Acrochordons present as skin-colored to hyperpigmented, pedunculated papules most commonly occurring at sites predisposed to persistent friction, such as the neck, axillae, and groin. Larger lesions with diameter up to 2 cm may be seen on the trunk. Acrochordons are benign but may be painful if they are irritated. Lesions can be removed easily by excision, cryosurgery, or electrodessication.

This common lesion has an epidermis that may be entirely normal, papillomatous, or acanthotic (Fig. 25.25). The dermis consists of variably ectatic blood vessels coursing in an unremarkable collagenous stroma. When there is trauma, the vessels may be markedly ectatic and thrombosed. Cutaneous appendages and adipocytes are ordinarily not present. Some authors use terms such as dermatolipoma for similar lesions that contain adipocytes, although there is little reason for this distinction because there is no difference in clinical course, prognosis or known systemic associations. Inflammation is present only secondary to trauma. Occasional stellate or pleomorphic fibroblasts may be present within the dermis in acrochordons. When they are extensive in number and mitoses are recognized, the name pseudosarcomatous polyp has been suggested, although these rare variants have not yet been described in children [126].

The differential diagnosis most commonly includes verruca vulgaris, although the characteristic epidermal changes of clumping of keratohyalin granules, focal parakeratosis, and keratinocyte vacuolization are not seen in acrochordons .

Acrochordon is often linked to type 2 diabetes mellitus and obesity. Acrochordon is also associated with hereditary autosomal dominant Birt–Hogg–Dube syndrome, which is characterized by multiple fibrofolliculomas, trichodiscomas, and acrochordons [127]. Increased levels of tumor necrosis factor-α (TNF-α), which is produced by mast cells and macrophages, have been found in acrochordon as compared with normal skin [128]. Some studies have suggested the role of local trauma in the pathogenesis of acrochordon through possible trauma-induced upregulation of TRAIL and induction of mast cells migration into the site of trauma [128]. TNF-α released by mast cells may result in changes leading to acrochordon formation .

Angiofibroblastoma is a newly described rare fibrous growth occurring on the extremities. The exact prevalence is unknown with no documented gender predilection [129]. Lesions are characterized as solitary, non-descript subcutaneous nodules typically presenting on the extremities. Angiofibroblastomas have a benign clinical course and respond well to simple excision with no documented evidence of recurrence or metastasis.

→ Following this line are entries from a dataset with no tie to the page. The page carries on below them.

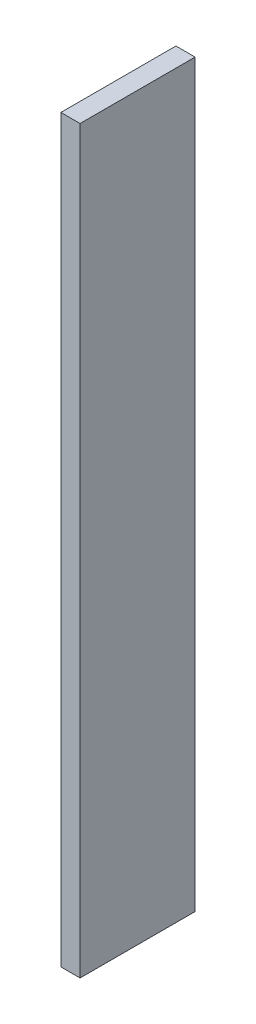
from build123d import *

# Parameters (mm, degrees)
SKETCH_1_W      = 5
SKETCH_1_H      = 30
EXTRUDE_1_DEPTH = 193


with BuildPart() as part:
    # Эскиз1 → Бобышка-Вытянуть1 (new body)
    with BuildSketch(Plane(origin=(0, 0, 0), x_dir=(1, 0, 0), z_dir=(0, 1, 0))):
        with Locations((2.5, -15)):
            Rectangle(SKETCH_1_W, SKETCH_1_H)
    extrude(amount=EXTRUDE_1_DEPTH)


solid = part.part
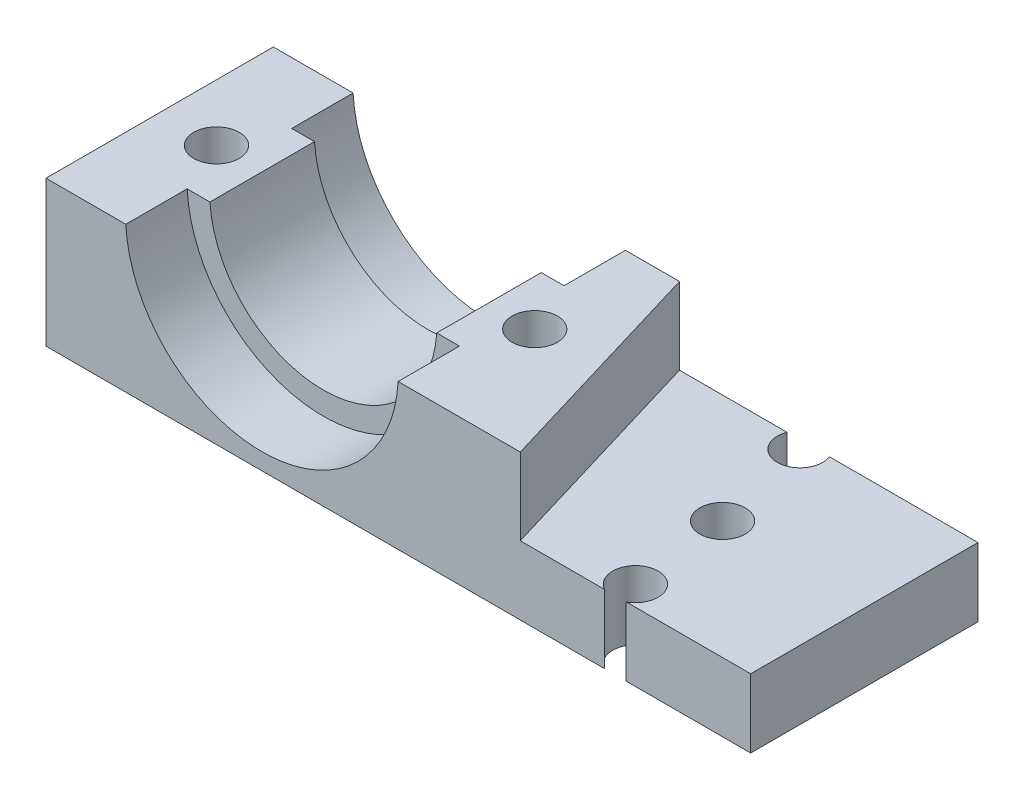
from build123d import *

# Parameters (mm, degrees)
SKETCH1_W           = 50
SKETCH1_H           = 32
BOSS_EXTRUDE1_DEPTH = 47.5
SKETCH5_W           = 50
SKETCH5_H           = 32
BOSS_EXTRUDE2_DEPTH = 60
SKETCH4_R           = 5
CUT_EXTRUDE1_DEPTH  = 75
CUT_EXTRUDE2_DEPTH  = 16.9


with BuildPart() as part:
    # Sketch1 → Boss-Extrude1 (new, symmetric)
    with BuildSketch(Plane(origin=(0, 0, 0), x_dir=(0, 0, -1), z_dir=(1, 0, 0))):
        Rectangle(SKETCH1_W, SKETCH1_H)
    extrude(amount=BOSS_EXTRUDE1_DEPTH, both=True)

    # Sketch3 → Cut-Revolve1 (revolve, cut)
    with BuildSketch(Plane(origin=(0, 0, 0), x_dir=(0, 0, -1), z_dir=(1, 0, 0))):
        Polygon((-25, -12.35), (-11.5, -12.35), (-11.5, -7.35), (11.5, -7.35), (11.5, -12.35), (25, -12.35), (25, 16.59588936), (-25, 16.59588936), align=None)
    revolve(axis=Axis((0, 17.65, -20.249126458), (0, 0, -1)), mode=Mode.SUBTRACT)

    # Sketch5 → Boss-Extrude2 (add)
    with BuildSketch(Plane(origin=(47.5, 0, 0), x_dir=(0, 0, -1), z_dir=(1, 0, 0))):
        Rectangle(SKETCH5_W, SKETCH5_H)
    extrude(amount=BOSS_EXTRUDE2_DEPTH)

    # Sketch4 → Cut-Extrude1 (cut)
    with BuildSketch(Plane(origin=(0, 16, 0), x_dir=(1, 0, 0), z_dir=(0, 1, 0))):
        with Locations(Location((-35, 0, 0), (0, 0, 270))):
            Circle(SKETCH4_R)
        with Locations(Location((35, 0, 0), (0, 0, 270))):
            Circle(SKETCH4_R)
        with Locations((77.75, -20.6)):
            Circle(SKETCH4_R)
        with Locations(Location((75.295878395, 1.01110333, 0), (0, 0, 270))):
            Circle(SKETCH4_R)
        with Locations((70.163995975, 23.188381743)):
            Circle(SKETCH4_R)
    extrude(amount=-CUT_EXTRUDE1_DEPTH, mode=Mode.SUBTRACT)

    # Sketch6 → Cut-Extrude2 (cut)
    with BuildSketch(Plane(origin=(0, 16, 0), x_dir=(1, 0, 0), z_dir=(0, 1, 0))):
        Polygon((97.41116956, -160.42016543), (40, 31.15), (103.809557411, 50.272921943), (161.220726971, -141.297243487), align=None)
    extrude(amount=-CUT_EXTRUDE2_DEPTH, mode=Mode.SUBTRACT)


solid = part.part
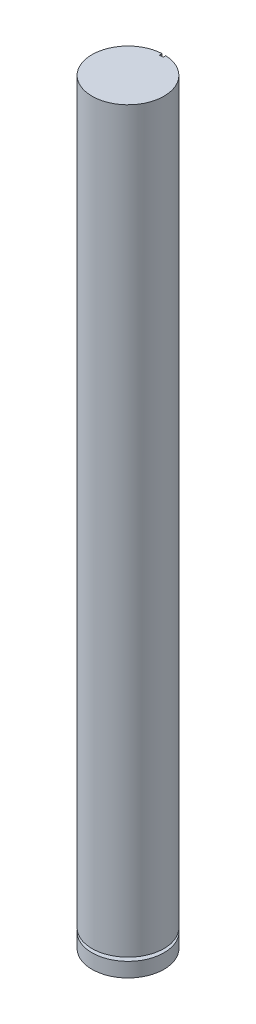
from build123d import *

# Parameters (mm, degrees)
SKETCH1_R           = 2
BOSS_EXTRUDE1_DEPTH = 42
SKETCH2_W           = 0.5
SKETCH2_H           = 0.2
SKETCH3_W           = 0.2
SKETCH3_H           = 0.15
CUT_EXTRUDE1_DEPTH  = 3


with BuildPart() as part:
    # Sketch1 → Boss-Extrude1 (new body)
    with BuildSketch(Plane(origin=(0, 0, 0), x_dir=(1, 0, 0), z_dir=(0, 1, 0))):
        with Locations(Location((0, 0, 0), (0, 0, 90))):
            Circle(SKETCH1_R)
    extrude(amount=BOSS_EXTRUDE1_DEPTH)

    # Sketch2 → Cut-Revolve1 (revolve, cut)
    with BuildSketch(Plane(origin=(0, 0, 0), x_dir=(0, 0, -1), z_dir=(1, 0, 0))):
        with Locations((1.75, 0.9)):
            Rectangle(SKETCH2_W, SKETCH2_H)
    revolve(axis=Axis((0, 0, 0), (0, 1, 0)), mode=Mode.SUBTRACT)

    # Sketch3 → Cut-Extrude1 (cut)
    with BuildSketch(Plane(origin=(0, 42, 0), x_dir=(1, 0, 0), z_dir=(0, 1, 0))):
        with Locations((0, 1.925)):
            Rectangle(SKETCH3_W, SKETCH3_H)
    extrude(amount=-CUT_EXTRUDE1_DEPTH, mode=Mode.SUBTRACT)


solid = part.part
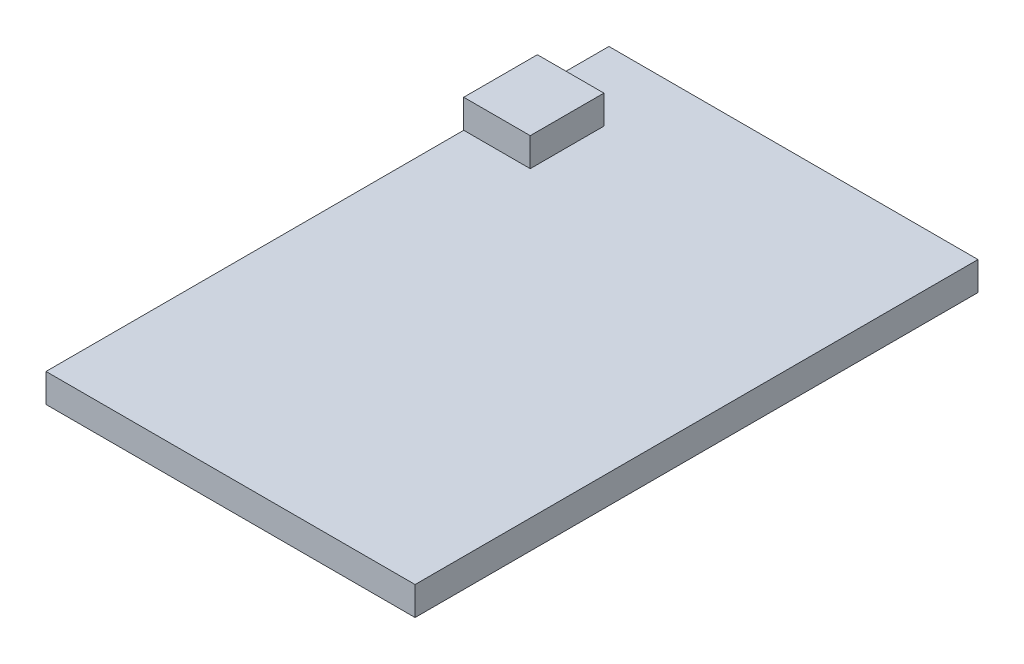
from build123d import *

# Parameters (mm, degrees)
SKETCH_1_W      = 51.6
SKETCH_1_H      = 78.7
EXTRUDE_1_DEPTH = 4
SKETCH_2_W      = 9.3
SKETCH_2_H      = 10.3
EXTRUDE_2_DEPTH = 4


with BuildPart() as part:
    # 草图1 → 凸台-拉伸1 (new body)
    with BuildSketch(Plane(origin=(0, 0, 0), x_dir=(1, 0, 0), z_dir=(0, 1, 0))):
        Rectangle(SKETCH_1_W, SKETCH_1_H)
    extrude(amount=EXTRUDE_1_DEPTH)

    # 草图2 → 凸台-拉伸2 (add)
    with BuildSketch(Plane(origin=(0, 4, 0), x_dir=(1, 0, 0), z_dir=(0, 1, 0))):
        with Locations((-21.15, 24.2)):
            Rectangle(SKETCH_2_W, SKETCH_2_H)
    extrude(amount=EXTRUDE_2_DEPTH)


solid = part.part

This rare neoplasm is characterized by a dermal proliferation of fibroblasts coursing in a myxoid stroma. The epidermis is uninvolved. The fibroblasts are spindled with abundant stellate-shaped cells. Mitotic activity is rare, and there is no significant cytologic atypia in the fibroblastic proliferation. In some areas, the stroma is comprised of dense collagen instead of the myxoid stroma seen in the majority of the lesions. Many small capillaries are present admixed throughout the myxoid stroma and account for the naming of this entity [129, 130].